• _EXERCISE DETAILS_:
Print the lines that run from the line with "circle A1 centre (0, -38.7872) radius 4.15" to the line with "circle A0 centre (0, -6.7872) radius 8 construction", keeping both end lines, exactly as they appear in the entries below, and nothing else.

(Items from a data source)

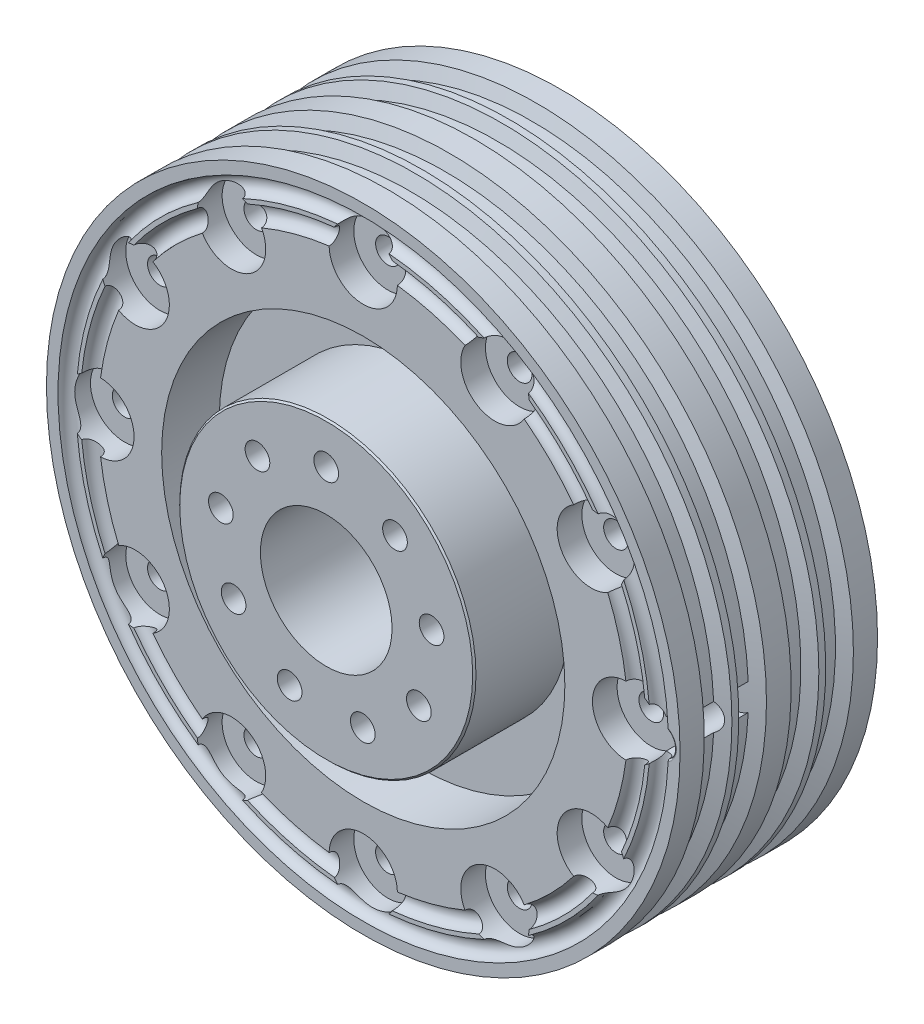
SolidWorks part; units mm, degrees
ref_plane "Front Plane" through (0, 0, 0) normal (0, 0, 1) x (1, 0, 0)
ref_plane "Top Plane" through (0, 0, 0) normal (0, 1, 0) x (1, 0, 0)
ref_plane "Right Plane" through (0, 0, 0) normal (1, 0, 0) x (0, 0, -1)
sketch "Sketch2" plane through (0, 0, 0) normal (1, 0, 0) x (0, 0, -1)
  line L0 (25.8266, -6.7872) -> (-20.1734, -6.7872) construction
  line L1 (-20.1734, -1.7872) -> (25.8266, -1.7872)
  line L2 (25.8266, -6.7872) -> (-20.1734, -6.7872)
  line L5 (25.8266, -1.7872) -> (25.8266, -6.7872) construction
  line L6 (7.109, 30.1128) -> (7.109, 10.1339) construction
  line L7 (-20.1734, -1.7872) -> (-20.1734, -6.7872)
  line L8 (25.8266, -1.7872) -> (25.8266, -6.7872)
  line L9 (-20.1734, -4.2872) -> (25.8266, -4.2872) construction
  line L10 (2.8266, -4.2872) -> (2.8266, 31.7128) construction
  line L11 (2.8266, 31.7128) -> (-14.0396, 31.7128) construction
  line L12 (8.5266, 31.7128) -> (-2.8734, 31.7128)
  line L13 (-2.8734, 31.7128) -> (-3.4557, 30.1128)
  line L14 (-3.4557, 30.1128) -> (-5.6557, 30.1128)
  line L15 (-5.6557, 30.1128) -> (-6.2381, 31.7128)
  line L16 (-6.2381, 31.7128) -> (1.3266, 31.7128)
  line L17 (1.3266, 31.7128) -> (0.7443, 30.1128)
  line L18 (0.7443, 30.1128) -> (-1.4557, 30.1128)
  line L19 (-1.4557, 30.1128) -> (-2.0381, 31.7128)
  line L20 (-2.0381, 31.7128) -> (-9.1734, 31.7128)
  line L21 (0.7443, 30.1128) -> (0.7443, 32.537) construction
  line L22 (-1.4557, 30.1128) -> (-1.4557, 32.537) construction
  line L23 (-9.1734, 31.7128) -> (-9.1734, -1.7872)
  line L24 (-9.1734, -1.7872) -> (14.8266, -1.7872)
  line L25 (2.8266, -1.7872) -> (2.8266, 31.7128)
  line L26 (14.8266, 31.7128) -> (14.8266, -1.7872)
  line L27 (7.6913, 31.7128) -> (14.8266, 31.7128)
  line L28 (7.109, 30.1128) -> (7.6913, 31.7128)
  line L29 (4.909, 30.1128) -> (7.109, 30.1128)
  line L30 (4.3266, 31.7128) -> (4.909, 30.1128)
  line L31 (11.8913, 31.7128) -> (4.3266, 31.7128)
  line L32 (11.309, 30.1128) -> (11.8913, 31.7128)
  line L33 (9.109, 30.1128) -> (11.309, 30.1128)
  line L34 (8.5266, 31.7128) -> (9.109, 30.1128)
  line L35 (4.909, 30.1128) -> (4.909, 33.6348) construction
  line L36 (9.109, 30.1128) -> (9.109, 10.1339) construction
  dimension "D1" = 46
  dimension "D2" = 5
  dimension "D3" = 33.5
  dimension "D4" = 1.6
  dimension "D5" = 2.2
  dimension "D6" = 20
  dimension "D7" = 20
  dimension "D8" = 12
  dimension "D9" = 1.5
  dimension "D10" = 1.6
  dimension "D11" = 2
revolve "Revolve1" add sketch "Sketch2" angle 360 about L2 region at (0, 14.6003, 3.1896) region at (0, 14.6003, -8.8429)
ref_axis "Axis1" through (0, -6.7872, 26.1499) along (0, 0, -1)
sketch "Sketch3" plane through (0, 0, -14.8266) normal (0, 0, -1) x (-1, 0, 0)
  line L0 (38.5, -6.7872) -> (36, -6.7872) construction
  circle A0 centre (0, -6.7872) radius 38.5 construction
  circle A1 centre (36, -6.7872) radius 1.85
  dimension "D1" = 2.5
  dimension "D2" = 3.7
extrude "Cut-Extrude1" cut sketch "Sketch3" against normal up to surface (9.6074 mm away) up to face at (-36.9, -6.7872, -4.909)
ref_plane "Plane1" through (0, -6.7872, 0) normal (0, 1, 0) x (1, 0, 0)
fillet "Fillet1" radius 0.2 1 edges at (-36, -4.9372, -14.8266)
sketch "Sketch7" plane through (0, 0, 9.1734) normal (0, 0, 1) x (1, 0, 0)
  line L0 (38.5, -6.7872) -> (36, -6.7872) construction
  line L1 (32.6518, -6.7872) -> (-32.6518, -6.7872) construction
  circle A0 centre (0, -6.7872) radius 38.5 construction
  circle A1 centre (36, -6.7872) radius 1.85
  dimension "D1" = 3.7
  dimension "D2" = 2.5
extrude "Cut-Extrude2" cut sketch "Sketch7" against normal up to surface (10.2634 mm away) up to face at (-36.9, -6.7872, -0.7443)
fillet "Fillet2" radius 0.2 1 edges at (37.85, -6.7872, 9.1734)
ref_plane "Plane2" through (0, 0, -2.8266) normal (0, 0, 1) x (1, 0, 0)
sketch "Sketch15" plane through (0, 0, 9.1734) normal (0, 0, 1) x (1, 0, 0)
  circle A0 centre (0, -6.7872) radius 24.5
  circle A1 centre (0, -6.7872) radius 38.5 construction
  dimension "D1" = 14
extrude "Cut-Extrude3" cut sketch "Sketch15" against normal blind 7
sketch "Sketch16" plane through (0, 0, -14.8266) normal (0, 0, -1) x (-1, 0, 0)
  circle A1 centre (0, -6.7872) radius 24.5
  circle A2 centre (0, -6.7872) radius 24.5
  dimension "D1" = 0
extrude "Cut-Extrude4" cut sketch "Sketch16" against normal blind 5
sketch "Sketch17" plane through (0, -6.7872, 0) normal (0, 1, 0) x (1, 0, 0)
  line L0 (0, -9.1734) -> (35.9909, -9.1734) construction
  line L1 (-38.5, -9.1734) -> (38.5, -9.1734) construction
  line L2 (35.9909, -9.1734) -> (33.2909, -9.1734) construction
  circle A0 centre (35.9909, -9.1734) radius 1.1
  circle A1 centre (33.2909, -9.1734) radius 1.1
  dimension "D1" = 2.7
  dimension "D3" = 2.2
revolve "Cut-Revolve1" cut sketch "Sketch17" angle 360 about axis through (0, -6.7872, 26.1499) along (0, 0, -1)
ref_plane "Plane3" through (0, 0, -2.8266) normal (0, 0, 1) x (1, 0, 0)
sketch "Sketch18" plane through (0, 0, -2.8266) normal (0, 0, 1) x (1, 0, 0)
  line L0 (0, -31.2872) -> (0, -41.6781) construction
  circle A0 centre (0, -6.7872) radius 24.5 construction
  circle A1 centre (0, -6.7872) radius 24.5 construction
  arc A6 (34.8496, -5.0904) -> (34.8496, -8.484) centre (0, -6.7872) ccw construction
  circle A7 centre (0, -36.4826) radius 4.15
  circle A8 centre (0, -36.4826) radius 1.5
  dimension "D1" = 8.3
  dimension "D2" = 3
sketch "Sketch20" plane through (0, 0, 9.1734) normal (0, 0, 1) x (1, 0, 0)
  line L0 (0, -31.2872) -> (0, -38.7872) construction
  circle A0 centre (0, -38.7872) radius 1.5
  circle A1 centre (0, -38.7872) radius 4.15
  arc M5 (37.049, -8.5484) -> (37.049, -5.0259) centre (0, -6.7872) cw
  dimension "D1" = 3
  dimension "D2" = 8.3
  dimension "D3" = 7.5
extrude "Cut-Extrude5" cut sketch "Sketch20" against normal blind 3 contours A0 | A1 A0 M5 | A1 region at (0, -38.7872, 9.1734) region at (-4.0326, -38.7872, 9.1734)
extrude "Cut-Extrude6" cut sketch "Sketch20<3>" against normal blind 11.5 contours A0 region at (0, -38.7872, 9.1734)
sketch "Sketch20<3>" plane through (0, 0, 9.1734) normal (0, 0, 1) x (1, 0, 0) same geometry as "Sketch20"
sketch "Sketch21" plane through (0, 0, 2.1734) normal (0, 0, 1) x (1, 0, 0)
  circle A0 centre (0, -6.7872) radius 8
  circle A1 centre (0, -6.7872) radius 18
  circle A2 centre (0, -6.7872) radius 5
  dimension "D1" = 3
  dimension "D2" = 10
extrude "Boss-Extrude1" add sketch "Sketch21" along normal blind 11.5 contours A1 A0 region at (-17.4909, -6.7872, 2.1734)
pattern_circular "CirPattern1" count 12 every 30 about axis through (0, -6.7872, 26.1499) along (0, 0, -1) of "Cut-Extrude5", "Cut-Extrude6"
sketch "Sketch22" plane through (0, 0, 13.6734) normal (0, 0, 1) x (1, 0, 0)
  line L0 (0, 1.2128) -> (0, 11.2128) construction
  line L1 (0, -6.7872) -> (0, 6.2128) construction
  circle A0 centre (0, -6.7872) radius 8 construction
  circle A1 centre (0, -6.7872) radius 8 construction
  circle A2 centre (0, -6.7872) radius 18 construction
  circle A3 centre (0, -6.7872) radius 18 construction
  circle A4 centre (0, 6.2128) radius 1.5
  dimension "D1" = 3
  dimension "D2" = 13
extrude "Cut-Extrude7" cut sketch "Sketch22" against normal blind 5
pattern_circular "CirPattern2" count 9 every 40 about axis through (0, -6.7872, 26.1499) along (0, 0, -1) of "Cut-Extrude7"
mirror "Mirror1" about plane through (0, 0, -2.8266) normal (0, 0, 1) of "Boss-Extrude1", "CirPattern1", "Cut-Revolve1"
sketch "Sketch23" plane through (0, 0, -19.3266) normal (0, 0, -1) x (-1, 0, 0)
  circle A0 centre (0, -6.7872) radius 13.6
  circle A1 centre (0, -6.7872) radius 18
  circle M3 centre (0, -6.7872) radius 8
  dimension "D1" = 27.2
extrude "Cut-Extrude8" cut sketch "Sketch23" against normal up to surface (9.5 mm away) contours A0 M3 region at (13.2153, -6.7872, -19.3266) up to face at (0, -1.7872, -9.8266)
sketch "Sketch24" plane through (0, 0, -19.3266) normal (0, 0, -1) x (-1, 0, 0)
  circle A0 centre (0, -6.7872) radius 13.6
  circle A1 centre (0, -6.7872) radius 18
  circle A2 centre (0, -6.7872) radius 18
  dimension "D1" = 0
extrude "Cut-Extrude9" cut sketch "Sketch24" against normal blind 3
chamfer "Chamfer1" distance 0.5 angle 45 1 edges at (-13.6, -6.7872, -16.3266)
chamfer "Chamfer2" distance 0.2 angle 45 1 edges at (18, -6.7872, 13.6734)

• _RESULT OF THIS EXERCISE_:
  circle A1 centre (0, -38.7872) radius 4.15
  arc M5 (37.049, -8.5484) -> (37.049, -5.0259) centre (0, -6.7872) cw
  dimension "D1" = 3
  dimension "D2" = 8.3
  dimension "D3" = 7.5
extrude "Cut-Extrude5" cut sketch "Sketch20" against normal blind 3 contours A0 | A1 A0 M5 | A1 region at (0, -38.7872, 9.1734) region at (-4.0326, -38.7872, 9.1734)
extrude "Cut-Extrude6" cut sketch "Sketch20<3>" against normal blind 11.5 contours A0 region at (0, -38.7872, 9.1734)
sketch "Sketch20<3>" plane through (0, 0, 9.1734) normal (0, 0, 1) x (1, 0, 0) same geometry as "Sketch20"
sketch "Sketch21" plane through (0, 0, 2.1734) normal (0, 0, 1) x (1, 0, 0)
  circle A0 centre (0, -6.7872) radius 8
  circle A1 centre (0, -6.7872) radius 18
  circle A2 centre (0, -6.7872) radius 5
  dimension "D1" = 3
  dimension "D2" = 10
extrude "Boss-Extrude1" add sketch "Sketch21" along normal blind 11.5 contours A1 A0 region at (-17.4909, -6.7872, 2.1734)
pattern_circular "CirPattern1" count 12 every 30 about axis through (0, -6.7872, 26.1499) along (0, 0, -1) of "Cut-Extrude5", "Cut-Extrude6"
sketch "Sketch22" plane through (0, 0, 13.6734) normal (0, 0, 1) x (1, 0, 0)
  line L0 (0, 1.2128) -> (0, 11.2128) construction
  line L1 (0, -6.7872) -> (0, 6.2128) construction
  circle A0 centre (0, -6.7872) radius 8 construction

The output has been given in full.